(Records from a collection)

________________

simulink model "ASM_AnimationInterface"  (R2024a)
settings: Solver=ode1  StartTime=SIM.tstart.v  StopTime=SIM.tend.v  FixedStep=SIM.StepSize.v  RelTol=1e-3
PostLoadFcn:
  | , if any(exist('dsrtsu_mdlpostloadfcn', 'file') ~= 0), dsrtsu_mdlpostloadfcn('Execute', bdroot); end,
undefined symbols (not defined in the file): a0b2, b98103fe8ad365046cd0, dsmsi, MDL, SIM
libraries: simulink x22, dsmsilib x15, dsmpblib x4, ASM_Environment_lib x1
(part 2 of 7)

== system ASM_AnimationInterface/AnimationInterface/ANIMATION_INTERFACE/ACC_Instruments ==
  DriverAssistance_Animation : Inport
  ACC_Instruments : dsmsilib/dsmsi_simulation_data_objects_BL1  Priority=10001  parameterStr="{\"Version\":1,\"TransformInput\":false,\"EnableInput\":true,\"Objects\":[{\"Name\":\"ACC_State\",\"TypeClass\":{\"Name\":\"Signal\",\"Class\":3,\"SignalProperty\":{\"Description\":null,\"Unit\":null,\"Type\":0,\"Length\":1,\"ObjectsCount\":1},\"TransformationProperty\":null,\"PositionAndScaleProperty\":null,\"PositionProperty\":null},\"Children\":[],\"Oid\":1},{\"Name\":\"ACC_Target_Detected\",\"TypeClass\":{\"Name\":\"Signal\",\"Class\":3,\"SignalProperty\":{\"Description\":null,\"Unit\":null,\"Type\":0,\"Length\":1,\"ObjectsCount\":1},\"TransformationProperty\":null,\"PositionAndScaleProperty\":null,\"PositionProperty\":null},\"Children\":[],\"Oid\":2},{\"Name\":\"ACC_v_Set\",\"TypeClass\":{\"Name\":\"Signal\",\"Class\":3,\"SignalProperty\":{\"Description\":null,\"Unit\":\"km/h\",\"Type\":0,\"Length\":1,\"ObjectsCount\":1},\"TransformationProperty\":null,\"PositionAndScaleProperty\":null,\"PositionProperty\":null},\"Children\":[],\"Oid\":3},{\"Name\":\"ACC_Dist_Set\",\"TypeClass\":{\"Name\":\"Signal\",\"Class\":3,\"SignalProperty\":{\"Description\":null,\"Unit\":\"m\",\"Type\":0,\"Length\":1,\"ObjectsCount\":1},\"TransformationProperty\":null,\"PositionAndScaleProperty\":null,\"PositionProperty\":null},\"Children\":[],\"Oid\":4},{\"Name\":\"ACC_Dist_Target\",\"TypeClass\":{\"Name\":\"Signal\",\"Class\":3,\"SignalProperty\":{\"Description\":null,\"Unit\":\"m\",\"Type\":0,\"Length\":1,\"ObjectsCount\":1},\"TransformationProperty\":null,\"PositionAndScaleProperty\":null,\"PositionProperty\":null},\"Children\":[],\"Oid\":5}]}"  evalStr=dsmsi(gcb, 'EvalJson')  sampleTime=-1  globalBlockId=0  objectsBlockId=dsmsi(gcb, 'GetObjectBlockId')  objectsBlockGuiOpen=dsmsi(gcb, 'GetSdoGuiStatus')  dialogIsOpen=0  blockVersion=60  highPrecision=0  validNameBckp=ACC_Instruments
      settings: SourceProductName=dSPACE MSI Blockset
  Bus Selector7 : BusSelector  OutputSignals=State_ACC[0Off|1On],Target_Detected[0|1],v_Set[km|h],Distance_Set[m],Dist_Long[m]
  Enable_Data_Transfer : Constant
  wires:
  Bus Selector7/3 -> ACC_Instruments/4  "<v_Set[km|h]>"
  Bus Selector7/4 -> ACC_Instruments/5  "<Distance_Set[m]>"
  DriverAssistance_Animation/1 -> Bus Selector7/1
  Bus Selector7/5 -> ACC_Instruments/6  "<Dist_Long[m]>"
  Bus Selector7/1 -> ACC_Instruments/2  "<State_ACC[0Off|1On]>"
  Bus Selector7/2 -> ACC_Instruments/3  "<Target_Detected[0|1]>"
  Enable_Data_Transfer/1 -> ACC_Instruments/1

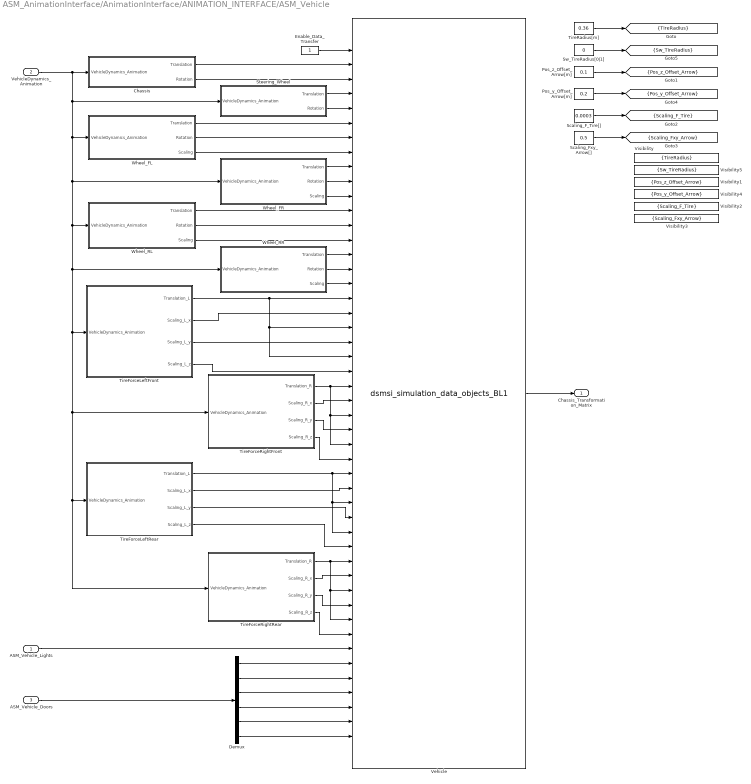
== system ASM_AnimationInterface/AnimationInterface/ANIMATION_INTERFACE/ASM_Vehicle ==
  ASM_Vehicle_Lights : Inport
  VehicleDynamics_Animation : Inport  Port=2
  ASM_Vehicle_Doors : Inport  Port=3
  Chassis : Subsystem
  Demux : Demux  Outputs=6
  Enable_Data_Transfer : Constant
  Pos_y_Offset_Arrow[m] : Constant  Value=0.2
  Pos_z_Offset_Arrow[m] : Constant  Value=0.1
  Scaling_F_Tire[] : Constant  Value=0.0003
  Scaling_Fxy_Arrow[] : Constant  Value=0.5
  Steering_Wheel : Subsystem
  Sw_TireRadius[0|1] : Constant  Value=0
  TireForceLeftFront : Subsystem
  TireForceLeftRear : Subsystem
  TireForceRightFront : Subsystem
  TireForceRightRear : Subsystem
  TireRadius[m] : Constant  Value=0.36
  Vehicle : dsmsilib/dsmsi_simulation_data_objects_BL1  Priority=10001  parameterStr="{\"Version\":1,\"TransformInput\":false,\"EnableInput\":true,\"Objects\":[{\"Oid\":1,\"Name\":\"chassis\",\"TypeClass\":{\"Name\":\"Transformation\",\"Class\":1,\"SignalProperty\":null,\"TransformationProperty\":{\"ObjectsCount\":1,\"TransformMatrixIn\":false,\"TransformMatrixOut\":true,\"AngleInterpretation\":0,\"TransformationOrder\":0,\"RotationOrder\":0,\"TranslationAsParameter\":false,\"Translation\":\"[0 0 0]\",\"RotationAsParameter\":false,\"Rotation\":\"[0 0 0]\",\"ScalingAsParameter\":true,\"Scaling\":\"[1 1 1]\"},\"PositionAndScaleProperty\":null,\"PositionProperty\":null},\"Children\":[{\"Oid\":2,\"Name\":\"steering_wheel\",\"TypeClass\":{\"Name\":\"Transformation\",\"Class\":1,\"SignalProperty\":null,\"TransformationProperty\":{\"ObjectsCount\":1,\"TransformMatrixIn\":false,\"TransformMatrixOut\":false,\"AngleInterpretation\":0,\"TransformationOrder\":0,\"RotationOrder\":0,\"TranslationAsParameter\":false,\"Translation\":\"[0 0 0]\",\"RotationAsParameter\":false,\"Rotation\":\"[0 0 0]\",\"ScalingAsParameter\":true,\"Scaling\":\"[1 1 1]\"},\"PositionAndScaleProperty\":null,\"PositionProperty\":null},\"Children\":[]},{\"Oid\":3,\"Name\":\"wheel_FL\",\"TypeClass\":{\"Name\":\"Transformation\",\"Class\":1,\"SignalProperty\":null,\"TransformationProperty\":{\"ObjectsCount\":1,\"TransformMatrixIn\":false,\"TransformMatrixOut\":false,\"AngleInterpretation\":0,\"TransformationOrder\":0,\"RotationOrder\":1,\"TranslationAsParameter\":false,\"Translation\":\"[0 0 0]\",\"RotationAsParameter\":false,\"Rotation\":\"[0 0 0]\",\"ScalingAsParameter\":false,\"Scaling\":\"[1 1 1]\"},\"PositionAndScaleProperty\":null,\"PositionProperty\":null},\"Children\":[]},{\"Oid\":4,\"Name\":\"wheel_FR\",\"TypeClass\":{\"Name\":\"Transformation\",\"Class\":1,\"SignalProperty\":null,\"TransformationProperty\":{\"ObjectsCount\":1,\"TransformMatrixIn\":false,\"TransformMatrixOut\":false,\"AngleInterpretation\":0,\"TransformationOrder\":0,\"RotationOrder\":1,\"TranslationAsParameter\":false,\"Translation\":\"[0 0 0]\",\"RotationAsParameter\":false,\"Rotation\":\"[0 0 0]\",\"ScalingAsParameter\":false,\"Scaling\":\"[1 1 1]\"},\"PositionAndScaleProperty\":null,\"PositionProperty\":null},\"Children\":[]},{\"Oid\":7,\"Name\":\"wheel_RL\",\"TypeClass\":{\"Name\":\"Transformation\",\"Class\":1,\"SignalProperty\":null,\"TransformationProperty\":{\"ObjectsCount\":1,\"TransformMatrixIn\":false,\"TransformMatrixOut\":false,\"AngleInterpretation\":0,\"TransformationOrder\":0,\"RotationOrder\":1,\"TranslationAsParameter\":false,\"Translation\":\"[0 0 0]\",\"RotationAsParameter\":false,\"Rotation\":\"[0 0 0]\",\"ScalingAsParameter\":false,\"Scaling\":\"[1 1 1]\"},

________________

▶ Task instructions:
Copy out the entries above exactly as given, starting at the top and ending with the line containing "DriverAssistance_Animation : Inport"; include both and nothing more.

▶ Response for this exercise:
simulink model "ASM_AnimationInterface"  (R2024a)
settings: Solver=ode1  StartTime=SIM.tstart.v  StopTime=SIM.tend.v  FixedStep=SIM.StepSize.v  RelTol=1e-3
PostLoadFcn:
  | , if any(exist('dsrtsu_mdlpostloadfcn', 'file') ~= 0), dsrtsu_mdlpostloadfcn('Execute', bdroot); end,
undefined symbols (not defined in the file): a0b2, b98103fe8ad365046cd0, dsmsi, MDL, SIM
libraries: simulink x22, dsmsilib x15, dsmpblib x4, ASM_Environment_lib x1
(part 2 of 7)

== system ASM_AnimationInterface/AnimationInterface/ANIMATION_INTERFACE/ACC_Instruments ==
  DriverAssistance_Animation : Inport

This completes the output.